Are you taking security precautions this time around....and thinking about them during the install?

I had a system stolen when I was 19 and learned my lesson real quick.


----------



## indpowr (Mar 18, 2010)

sq_assasin said:


> Are you taking security precautions this time around....and thinking about them during the install?
> 
> I had a system stolen when I was 19 and learned my lesson real quick.


Yep, put it in my garage...LOL

and, I now have a FULL video surveillance at my home as well.


----------



## Mazda3SQ (Nov 11, 2006)

Where in Florida? I think I'm starting a list of non-safe places to be with nice things lol.


----------



## indpowr (Mar 18, 2010)

Mazda3SQ said:


> Where in Florida? I think I'm starting a list of non-safe places to be with nice things lol.

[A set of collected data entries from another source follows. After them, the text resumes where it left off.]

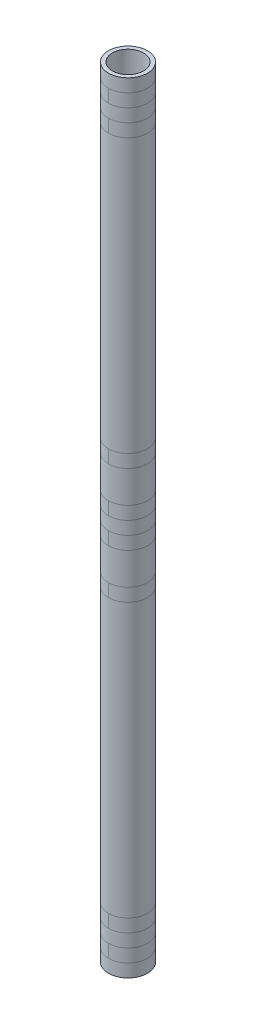
ISO-10303-21;
HEADER;
FILE_DESCRIPTION(('STEP AP214'),'2;1');
FILE_NAME('part.step','',(''),(''),'','','');
FILE_SCHEMA(('AUTOMOTIVE_DESIGN { 1 0 10303 214 1 1 1 1 }'));
ENDSEC;
DATA;
#1=APPLICATION_CONTEXT('core data for automotive mechanical design processes');
#2=APPLICATION_PROTOCOL_DEFINITION('international standard','automotive_design',2000,#1);
#3=PRODUCT_CONTEXT('',#1,'mechanical');
#4=PRODUCT('Part','Part','',(#3));
#5=PRODUCT_RELATED_PRODUCT_CATEGORY('part','',(#4));
#6=PRODUCT_DEFINITION_FORMATION('','',#4);
#7=PRODUCT_DEFINITION_CONTEXT('part definition',#1,'design');
#8=PRODUCT_DEFINITION('design','',#6,#7);
#9=PRODUCT_DEFINITION_SHAPE('','',#8);
#10=(LENGTH_UNIT() NAMED_UNIT(*) SI_UNIT(.MILLI.,.METRE.));
#11=(NAMED_UNIT(*) PLANE_ANGLE_UNIT() SI_UNIT($,.RADIAN.));
#12=(NAMED_UNIT(*) SI_UNIT($,.STERADIAN.) SOLID_ANGLE_UNIT());
#13=UNCERTAINTY_MEASURE_WITH_UNIT(LENGTH_MEASURE(1.E-05),#10,'distance_accuracy_value','');
#14=(GEOMETRIC_REPRESENTATION_CONTEXT(3) GLOBAL_UNCERTAINTY_ASSIGNED_CONTEXT((#13)) GLOBAL_UNIT_ASSIGNED_CONTEXT((#10,
#11,#12)) REPRESENTATION_CONTEXT('',''));
#15=CARTESIAN_POINT('',(0.,0.,0.));
#16=DIRECTION('',(0.,0.,1.));
#17=DIRECTION('',(1.,0.,0.));
#18=AXIS2_PLACEMENT_3D('',#15,#16,#17);
#19=CARTESIAN_POINT('',(0.,600.,0.));
#20=DIRECTION('',(0.,-1.,0.));
#21=DIRECTION('',(0.,0.,-1.));
#22=AXIS2_PLACEMENT_3D('',#19,#20,#21);
#23=CYLINDRICAL_SURFACE('',#22,15.);
#24=DIRECTION('',(0.,-1.,0.));
#25=VECTOR('',#24,1.);
#26=CARTESIAN_POINT('',(0.,600.,-14.9999999999999));
#27=LINE('',#26,#25);
#28=CARTESIAN_POINT('',(0.,260.42,-15.));
#29=VERTEX_POINT('',#28);
#30=CARTESIAN_POINT('',(0.,250.42,-15.));
#31=VERTEX_POINT('',#30);
#32=EDGE_CURVE('E11',#29,#31,#27,.T.);
#33=ORIENTED_EDGE('',*,*,#32,.F.);
#34=CARTESIAN_POINT('',(0.,260.42,0.));
#35=DIRECTION('',(0.,-1.,0.));
#36=DIRECTION('',(0.,0.,-1.));
#37=AXIS2_PLACEMENT_3D('',#34,#35,#36);
#38=CIRCLE('',#37,15.);
#39=CARTESIAN_POINT('',(15.,260.42,0.));
#40=VERTEX_POINT('',#39);
#41=EDGE_CURVE('E322',#29,#40,#38,.T.);
#42=ORIENTED_EDGE('',*,*,#41,.T.);
#43=CARTESIAN_POINT('',(0.,260.42,0.));
#44=DIRECTION('',(0.,-1.,0.));
#45=DIRECTION('',(0.,0.,-1.));
#46=AXIS2_PLACEMENT_3D('',#43,#44,#45);
#47=CIRCLE('',#46,15.);
#48=CARTESIAN_POINT('',(0.,260.42,15.));
#49=VERTEX_POINT('',#48);
#50=EDGE_CURVE('E326',#40,#49,#47,.T.);
#51=ORIENTED_EDGE('',*,*,#50,.T.);
#52=DIRECTION('',(0.,-1.,0.));
#53=VECTOR('',#52,1.);
#54=CARTESIAN_POINT('',(0.,600.,15.));
#55=LINE('',#54,#53);
#56=CARTESIAN_POINT('',(0.,250.42,15.));
#57=VERTEX_POINT('',#56);
#58=EDGE_CURVE('E327',#49,#57,#55,.T.);
#59=ORIENTED_EDGE('',*,*,#58,.T.);
#60=CARTESIAN_POINT('',(0.,250.42,0.));
#61=DIRECTION('',(0.,1.,0.));
#62=DIRECTION('',(0.,0.,1.));
#63=AXIS2_PLACEMENT_3D('',#60,#61,#62);
#64=CIRCLE('',#63,15.);
#65=CARTESIAN_POINT('',(15.,250.42,0.));
#66=VERTEX_POINT('',#65);
#67=EDGE_CURVE('E49',#57,#66,#64,.T.);
#68=ORIENTED_EDGE('',*,*,#67,.T.);
#69=CARTESIAN_POINT('',(0.,250.42,0.));
#70=DIRECTION('',(0.,1.,0.));
#71=DIRECTION('',(0.,0.,1.));
#72=AXIS2_PLACEMENT_3D('',#69,#70,#71);
#73=CIRCLE('',#72,15.);
#74=EDGE_CURVE('E335',#66,#31,#73,.T.);
#75=ORIENTED_EDGE('',*,*,#74,.T.);
#76=EDGE_LOOP('',(#33,#42,#51,#59,#68,#75));
#77=FACE_BOUND('',#76,.T.);
#78=ADVANCED_FACE('F40',(#77),#23,.T.);
#79=CARTESIAN_POINT('',(0.,40.,0.));
#80=DIRECTION('',(0.,-1.,0.));
#81=DIRECTION('',(0.,0.,-1.));
#82=AXIS2_PLACEMENT_3D('',#79,#80,#81);
#83=CIRCLE('',#82,15.);
#84=CARTESIAN_POINT('',(0.,40.,-15.));
#85=VERTEX_POINT('',#84);
#86=CARTESIAN_POINT('',(0.,40.,15.));
#87=VERTEX_POINT('',#86);
#88=EDGE_CURVE('E249',#85,#87,#83,.T.);
#89=ORIENTED_EDGE('',*,*,#88,.F.);
#90=EDGE_CURVE('E254',#87,#85,#83,.T.);
#91=ORIENTED_EDGE('',*,*,#90,.F.);
#92=EDGE_LOOP('',(#89,#91));
#93=FACE_BOUND('',#92,.T.);
#94=ORIENTED_EDGE('',*,*,#67,.F.);
#95=CARTESIAN_POINT('',(-15.,250.42,0.));
#96=VERTEX_POINT('',#95);
#97=EDGE_CURVE('E330',#96,#57,#64,.T.);
#98=ORIENTED_EDGE('',*,*,#97,.F.);
#99=EDGE_CURVE('E333',#31,#96,#73,.T.);
#100=ORIENTED_EDGE('',*,*,#99,.F.);
#101=ORIENTED_EDGE('',*,*,#74,.F.);
#102=EDGE_LOOP('',(#94,#98,#100,#101));
#103=FACE_BOUND('',#102,.T.);
#104=ADVANCED_FACE('F367',(#93,#103),#23,.T.);
#105=CARTESIAN_POINT('',(0.,285.,0.));
#106=DIRECTION('',(0.,1.,0.));
#107=DIRECTION('',(0.,0.,1.));
#108=AXIS2_PLACEMENT_3D('',#105,#106,#107);
#109=CIRCLE('',#108,15.);
#110=CARTESIAN_POINT('',(0.,285.,15.));
#111=VERTEX_POINT('',#110);
#112=CARTESIAN_POINT('',(0.,285.,-15.));
#113=VERTEX_POINT('',#112);
#114=EDGE_CURVE('E265',#111,#113,#109,.T.);
#115=ORIENTED_EDGE('',*,*,#114,.F.);
#116=EDGE_CURVE('E266',#113,#111,#109,.T.);
#117=ORIENTED_EDGE('',*,*,#116,.F.);
#118=EDGE_LOOP('',(#115,#117));
#119=FACE_BOUND('',#118,.T.);
#120=ORIENTED_EDGE('',*,*,#50,.F.);
#121=ORIENTED_EDGE('',*,*,#41,.F.);
#122=CARTESIAN_POINT('',(-15.,260.42,0.));
#123=VERTEX_POINT('',#122);
#124=EDGE_CURVE('E319',#123,#29,#38,.T.);
#125=ORIENTED_EDGE('',*,*,#124,.F.);
#126=EDGE_CURVE('E323',#49,#123,#47,.T.);
#127=ORIENTED_EDGE('',*,*,#126,.F.);
#128=EDGE_LOOP('',(#120,#121,#125,#127));
#129=FACE_BOUND('',#128,.T.);
#130=ADVANCED_FACE('F364',(#119,#129),#23,.T.);
#131=DIRECTION('',(0.,-1.,0.));
#132=VECTOR('',#131,1.);
#133=CARTESIAN_POINT('',(0.,600.,-15.));
#134=LINE('',#133,#132);
#135=CARTESIAN_POINT('',(0.,349.58,-15.));
#136=VERTEX_POINT('',#135);
#137=CARTESIAN_POINT('',(0.,339.58,-15.));
#138=VERTEX_POINT('',#137);
#139=EDGE_CURVE('E316',#136,#138,#134,.T.);
#140=ORIENTED_EDGE('',*,*,#139,.F.);
#141=CARTESIAN_POINT('',(0.,349.58,0.));
#142=DIRECTION('',(0.,-1.,0.));
#143=DIRECTION('',(0.,0.,-1.));
#144=AXIS2_PLACEMENT_3D('',#141,#142,#143);
#145=CIRCLE('',#144,15.);
#146=CARTESIAN_POINT('',(15.,349.58,0.));
#147=VERTEX_POINT('',#146);
#148=EDGE_CURVE('E298',#136,#147,#145,.T.);
#149=ORIENTED_EDGE('',*,*,#148,.T.);
#150=CARTESIAN_POINT('',(0.,349.58,0.));
#151=DIRECTION('',(0.,-1.,0.));
#152=DIRECTION('',(0.,0.,-1.));
#153=AXIS2_PLACEMENT_3D('',#150,#151,#152);
#154=CIRCLE('',#153,15.);
#155=CARTESIAN_POINT('',(0.,349.58,15.));
#156=VERTEX_POINT('',#155);
#157=EDGE_CURVE('E302',#147,#156,#154,.T.);
#158=ORIENTED_EDGE('',*,*,#157,.T.);
#159=DIRECTION('',(0.,-1.,0.));
#160=VECTOR('',#159,1.);
#161=CARTESIAN_POINT('',(0.,600.,15.));
#162=LINE('',#161,#160);
#163=CARTESIAN_POINT('',(0.,339.58,15.));
#164=VERTEX_POINT('',#163);
#165=EDGE_CURVE('E303',#156,#164,#162,.T.);
#166=ORIENTED_EDGE('',*,*,#165,.T.);
#167=CARTESIAN_POINT('',(0.,339.58,0.));
#168=DIRECTION('',(0.,1.,0.));
#169=DIRECTION('',(0.,0.,1.));
#170=AXIS2_PLACEMENT_3D('',#167,#168,#169);
#171=CIRCLE('',#170,15.);
#172=CARTESIAN_POINT('',(15.,339.58,0.));
#173=VERTEX_POINT('',#172);
#174=EDGE_CURVE('E312',#164,#173,#171,.T.);
#175=ORIENTED_EDGE('',*,*,#174,.T.);
#176=CARTESIAN_POINT('',(0.,339.58,0.));
#177=DIRECTION('',(0.,1.,0.));
#178=DIRECTION('',(0.,0.,1.));
#179=AXIS2_PLACEMENT_3D('',#176,#177,#178);
#180=CIRCLE('',#179,15.);
#181=EDGE_CURVE('E315',#173,#138,#180,.T.);
#182=ORIENTED_EDGE('',*,*,#181,.T.);
#183=EDGE_LOOP('',(#140,#149,#158,#166,#175,#182));
#184=FACE_BOUND('',#183,.T.);
#185=ADVANCED_FACE('F374',(#184),#23,.T.);
#186=CARTESIAN_POINT('',(0.,315.,0.));
#187=DIRECTION('',(0.,-1.,0.));
#188=DIRECTION('',(0.,0.,-1.));
#189=AXIS2_PLACEMENT_3D('',#186,#187,#188);
#190=CIRCLE('',#189,15.);
#191=CARTESIAN_POINT('',(0.,315.,-15.));
#192=VERTEX_POINT('',#191);
#193=CARTESIAN_POINT('',(0.,315.,15.));
#194=VERTEX_POINT('',#193);
#195=EDGE_CURVE('E291',#192,#194,#190,.T.);
#196=ORIENTED_EDGE('',*,*,#195,.F.);
#197=EDGE_CURVE('E264',#194,#192,#190,.T.);
#198=ORIENTED_EDGE('',*,*,#197,.F.);
#199=EDGE_LOOP('',(#196,#198));
#200=FACE_BOUND('',#199,.T.);
#201=ORIENTED_EDGE('',*,*,#174,.F.);
#202=CARTESIAN_POINT('',(-15.,339.58,0.));
#203=VERTEX_POINT('',#202);
#204=EDGE_CURVE('E307',#203,#164,#171,.T.);
#205=ORIENTED_EDGE('',*,*,#204,.F.);
#206=EDGE_CURVE('E311',#138,#203,#180,.T.);
#207=ORIENTED_EDGE('',*,*,#206,.F.);
#208=ORIENTED_EDGE('',*,*,#181,.F.);
#209=EDGE_LOOP('',(#201,#205,#207,#208));
#210=FACE_BOUND('',#209,.T.);
#211=ADVANCED_FACE('F410',(#200,#210),#23,.T.);
#212=CARTESIAN_POINT('',(0.,560.,0.));
#213=DIRECTION('',(0.,1.,0.));
#214=DIRECTION('',(0.,0.,1.));
#215=AXIS2_PLACEMENT_3D('',#212,#213,#214);
#216=CIRCLE('',#215,15.);
#217=CARTESIAN_POINT('',(0.,560.,15.));
#218=VERTEX_POINT('',#217);
#219=CARTESIAN_POINT('',(0.,560.,-15.));
#220=VERTEX_POINT('',#219);
#221=EDGE_CURVE('E231',#218,#220,#216,.T.);
#222=ORIENTED_EDGE('',*,*,#221,.F.);
#223=EDGE_CURVE('E232',#220,#218,#216,.T.);
#224=ORIENTED_EDGE('',*,*,#223,.F.);
#225=EDGE_LOOP('',(#222,#224));
#226=FACE_BOUND('',#225,.T.);
#227=ORIENTED_EDGE('',*,*,#157,.F.);
#228=ORIENTED_EDGE('',*,*,#148,.F.);
#229=CARTESIAN_POINT('',(-15.,349.58,0.));
#230=VERTEX_POINT('',#229);
#231=EDGE_CURVE('E281',#230,#136,#145,.T.);
#232=ORIENTED_EDGE('',*,*,#231,.F.);
#233=EDGE_CURVE('E299',#156,#230,#154,.T.);
#234=ORIENTED_EDGE('',*,*,#233,.F.);
#235=EDGE_LOOP('',(#227,#228,#232,#234));
#236=FACE_BOUND('',#235,.T.);
#237=ADVANCED_FACE('F469',(#226,#236),#23,.T.);
#238=DIRECTION('',(0.,-1.,0.));
#239=VECTOR('',#238,1.);
#240=CARTESIAN_POINT('',(0.,600.,15.));
#241=LINE('',#240,#239);
#242=CARTESIAN_POINT('',(0.,305.,15.));
#243=VERTEX_POINT('',#242);
#244=EDGE_CURVE('E278',#194,#243,#241,.T.);
#245=ORIENTED_EDGE('',*,*,#244,.F.);
#246=ORIENTED_EDGE('',*,*,#197,.T.);
#247=DIRECTION('',(0.,-1.,0.));
#248=VECTOR('',#247,1.);
#249=CARTESIAN_POINT('',(0.,600.,-15.));
#250=LINE('',#249,#248);
#251=CARTESIAN_POINT('',(0.,305.,-15.));
#252=VERTEX_POINT('',#251);
#253=EDGE_CURVE('E287',#192,#252,#250,.T.);
#254=ORIENTED_EDGE('',*,*,#253,.T.);
#255=CARTESIAN_POINT('',(0.,305.,0.));
#256=DIRECTION('',(0.,1.,0.));
#257=DIRECTION('',(0.,0.,1.));
#258=AXIS2_PLACEMENT_3D('',#255,#256,#257);
#259=CIRCLE('',#258,15.);
#260=EDGE_CURVE('E283',#252,#243,#259,.T.);
#261=ORIENTED_EDGE('',*,*,#260,.T.);
#262=EDGE_LOOP('',(#245,#246,#254,#261));
#263=FACE_BOUND('',#262,.T.);
#264=ADVANCED_FACE('F413',(#263),#23,.T.);
#265=CARTESIAN_POINT('',(0.,295.,0.));
#266=DIRECTION('',(0.,-1.,0.));
#267=DIRECTION('',(0.,0.,-1.));
#268=AXIS2_PLACEMENT_3D('',#265,#266,#267);
#269=CIRCLE('',#268,15.);
#270=CARTESIAN_POINT('',(0.,295.,-15.));
#271=VERTEX_POINT('',#270);
#272=CARTESIAN_POINT('',(0.,295.,15.));
#273=VERTEX_POINT('',#272);
#274=EDGE_CURVE('E274',#271,#273,#269,.T.);
#275=ORIENTED_EDGE('',*,*,#274,.F.);
#276=EDGE_CURVE('E253',#273,#271,#269,.T.);
#277=ORIENTED_EDGE('',*,*,#276,.F.);
#278=EDGE_LOOP('',(#275,#277));
#279=FACE_BOUND('',#278,.T.);
#280=EDGE_CURVE('E282',#243,#252,#259,.T.);
#281=ORIENTED_EDGE('',*,*,#280,.F.);
#282=ORIENTED_EDGE('',*,*,#260,.F.);
#283=EDGE_LOOP('',(#281,#282));
#284=FACE_BOUND('',#283,.T.);
#285=ADVANCED_FACE('F416',(#279,#284),#23,.T.);
#286=ORIENTED_EDGE('',*,*,#231,.T.);
#287=ORIENTED_EDGE('',*,*,#139,.T.);
#288=ORIENTED_EDGE('',*,*,#206,.T.);
#289=ORIENTED_EDGE('',*,*,#204,.T.);
#290=ORIENTED_EDGE('',*,*,#165,.F.);
#291=ORIENTED_EDGE('',*,*,#233,.T.);
#292=EDGE_LOOP('',(#286,#287,#288,#289,#290,#291));
#293=FACE_BOUND('',#292,.T.);
#294=ADVANCED_FACE('F465',(#293),#23,.T.);
#295=DIRECTION('',(0.,-1.,0.));
#296=VECTOR('',#295,1.);
#297=CARTESIAN_POINT('',(0.,600.,15.));
#298=LINE('',#297,#296);
#299=EDGE_CURVE('E261',#273,#111,#298,.T.);
#300=ORIENTED_EDGE('',*,*,#299,.F.);
#301=ORIENTED_EDGE('',*,*,#276,.T.);
#302=DIRECTION('',(0.,-1.,0.));
#303=VECTOR('',#302,1.);
#304=CARTESIAN_POINT('',(0.,600.,-15.));
#305=LINE('',#304,#303);
#306=EDGE_CURVE('E270',#271,#113,#305,.T.);
#307=ORIENTED_EDGE('',*,*,#306,.T.);
#308=ORIENTED_EDGE('',*,*,#116,.T.);
#309=EDGE_LOOP('',(#300,#301,#307,#308));
#310=FACE_BOUND('',#309,.T.);
#311=ADVANCED_FACE('F403',(#310),#23,.T.);
#312=ORIENTED_EDGE('',*,*,#124,.T.);
#313=ORIENTED_EDGE('',*,*,#32,.T.);
#314=ORIENTED_EDGE('',*,*,#99,.T.);
#315=ORIENTED_EDGE('',*,*,#97,.T.);
#316=ORIENTED_EDGE('',*,*,#58,.F.);
#317=ORIENTED_EDGE('',*,*,#126,.T.);
#318=EDGE_LOOP('',(#312,#313,#314,#315,#316,#317));
#319=FACE_BOUND('',#318,.T.);
#320=ADVANCED_FACE('F365',(#319),#23,.T.);
#321=ORIENTED_EDGE('',*,*,#195,.T.);
#322=ORIENTED_EDGE('',*,*,#244,.T.);
#323=ORIENTED_EDGE('',*,*,#280,.T.);
#324=ORIENTED_EDGE('',*,*,#253,.F.);
#325=EDGE_LOOP('',(#321,#322,#323,#324));
#326=FACE_BOUND('',#325,.T.);
#327=ADVANCED_FACE('F395',(#326),#23,.T.);
#328=DIRECTION('',(0.,-1.,0.));
#329=VECTOR('',#328,1.);
#330=CARTESIAN_POINT('',(0.,600.,-15.));
#331=LINE('',#330,#329);
#332=CARTESIAN_POINT('',(0.,30.,-15.));
#333=VERTEX_POINT('',#332);
#334=EDGE_CURVE('E250',#85,#333,#331,.T.);
#335=ORIENTED_EDGE('',*,*,#334,.F.);
#336=ORIENTED_EDGE('',*,*,#88,.T.);
#337=DIRECTION('',(0.,-1.,0.));
#338=VECTOR('',#337,1.);
#339=CARTESIAN_POINT('',(0.,600.,15.));
#340=LINE('',#339,#338);
#341=CARTESIAN_POINT('',(0.,30.,15.));
#342=VERTEX_POINT('',#341);
#343=EDGE_CURVE('E230',#87,#342,#340,.T.);
#344=ORIENTED_EDGE('',*,*,#343,.T.);
#345=CARTESIAN_POINT('',(0.,30.,0.));
#346=DIRECTION('',(0.,1.,0.));
#347=DIRECTION('',(0.,0.,1.));
#348=AXIS2_PLACEMENT_3D('',#345,#346,#347);
#349=CIRCLE('',#348,15.);
#350=EDGE_CURVE('E248',#342,#333,#349,.T.);
#351=ORIENTED_EDGE('',*,*,#350,.T.);
#352=EDGE_LOOP('',(#335,#336,#344,#351));
#353=FACE_BOUND('',#352,.T.);
#354=ADVANCED_FACE('F385',(#353),#23,.T.);
#355=CARTESIAN_POINT('',(0.,20.,0.));
#356=DIRECTION('',(0.,-1.,0.));
#357=DIRECTION('',(0.,0.,-1.));
#358=AXIS2_PLACEMENT_3D('',#355,#356,#357);
#359=CIRCLE('',#358,15.);
#360=CARTESIAN_POINT('',(0.,20.,-15.));
#361=VERTEX_POINT('',#360);
#362=CARTESIAN_POINT('',(0.,20.,15.));
#363=VERTEX_POINT('',#362);
#364=EDGE_CURVE('E190',#361,#363,#359,.T.);
#365=ORIENTED_EDGE('',*,*,#364,.F.);
#366=EDGE_CURVE('E180',#363,#361,#359,.T.);
#367=ORIENTED_EDGE('',*,*,#366,.F.);
#368=EDGE_LOOP('',(#365,#367));
#369=FACE_BOUND('',#368,.T.);
#370=ORIENTED_EDGE('',*,*,#350,.F.);
#371=EDGE_CURVE('E244',#333,#342,#349,.T.);
#372=ORIENTED_EDGE('',*,*,#371,.F.);
#373=EDGE_LOOP('',(#370,#372));
#374=FACE_BOUND('',#373,.T.);
#375=ADVANCED_FACE('F195',(#369,#374),#23,.T.);
#376=ORIENTED_EDGE('',*,*,#274,.T.);
#377=ORIENTED_EDGE('',*,*,#299,.T.);
#378=ORIENTED_EDGE('',*,*,#114,.T.);
#379=ORIENTED_EDGE('',*,*,#306,.F.);
#380=EDGE_LOOP('',(#376,#377,#378,#379));
#381=FACE_BOUND('',#380,.T.);
#382=ADVANCED_FACE('F388',(#381),#23,.T.);
#383=DIRECTION('',(0.,-1.,0.));
#384=VECTOR('',#383,1.);
#385=CARTESIAN_POINT('',(0.,600.,15.));
#386=LINE('',#385,#384);
#387=CARTESIAN_POINT('',(0.,570.,15.));
#388=VERTEX_POINT('',#387);
#389=EDGE_CURVE('E227',#388,#218,#386,.T.);
#390=ORIENTED_EDGE('',*,*,#389,.F.);
#391=CARTESIAN_POINT('',(0.,570.,0.));
#392=DIRECTION('',(0.,-1.,0.));
#393=DIRECTION('',(0.,0.,-1.));
#394=AXIS2_PLACEMENT_3D('',#391,#392,#393);
#395=CIRCLE('',#394,15.);
#396=CARTESIAN_POINT('',(0.,570.,-15.));
#397=VERTEX_POINT('',#396);
#398=EDGE_CURVE('E226',#388,#397,#395,.T.);
#399=ORIENTED_EDGE('',*,*,#398,.T.);
#400=DIRECTION('',(0.,-1.,0.));
#401=VECTOR('',#400,1.);
#402=CARTESIAN_POINT('',(0.,600.,-15.));
#403=LINE('',#402,#401);
#404=EDGE_CURVE('E236',#397,#220,#403,.T.);
#405=ORIENTED_EDGE('',*,*,#404,.T.);
#406=ORIENTED_EDGE('',*,*,#223,.T.);
#407=EDGE_LOOP('',(#390,#399,#405,#406));
#408=FACE_BOUND('',#407,.T.);
#409=ADVANCED_FACE('F393',(#408),#23,.T.);
#410=ORIENTED_EDGE('',*,*,#90,.T.);
#411=ORIENTED_EDGE('',*,*,#334,.T.);
#412=ORIENTED_EDGE('',*,*,#371,.T.);
#413=ORIENTED_EDGE('',*,*,#343,.F.);
#414=EDGE_LOOP('',(#410,#411,#412,#413));
#415=FACE_BOUND('',#414,.T.);
#416=ADVANCED_FACE('F382',(#415),#23,.T.);
#417=CARTESIAN_POINT('',(0.,580.,0.));
#418=DIRECTION('',(0.,1.,0.));
#419=DIRECTION('',(0.,0.,1.));
#420=AXIS2_PLACEMENT_3D('',#417,#418,#419);
#421=CIRCLE('',#420,15.);
#422=CARTESIAN_POINT('',(0.,580.,15.));
#423=VERTEX_POINT('',#422);
#424=CARTESIAN_POINT('',(0.,580.,-15.));
#425=VERTEX_POINT('',#424);
#426=EDGE_CURVE('E222',#423,#425,#421,.T.);
#427=ORIENTED_EDGE('',*,*,#426,.F.);
#428=EDGE_CURVE('E218',#425,#423,#421,.T.);
#429=ORIENTED_EDGE('',*,*,#428,.F.);
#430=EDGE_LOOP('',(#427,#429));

Better look for a rock in middle of no where and not tell anyone where you live. :laugh:

I live in a very middle class area and people tend to look for healthy income areas. My parents live in expensive house community and they have had cars get broken into.


----------



## Mazda3SQ (Nov 11, 2006)

for sure, good luck with the install and not getting it jacked again. In my experience a viper alarm installed by someone who knows half the f*** what they're doing (and won't track you down and steal themselves) along with some little personal touches and you'll be good.


----------



## indpowr (Mar 18, 2010)

Thanks,

This was my old setup..


----------



## Shelbrain (Mar 1, 2008)

The previous setup was nice!


----------



## indpowr (Mar 18, 2010)

For those that want to see the other mods/photos of the cars work here you go.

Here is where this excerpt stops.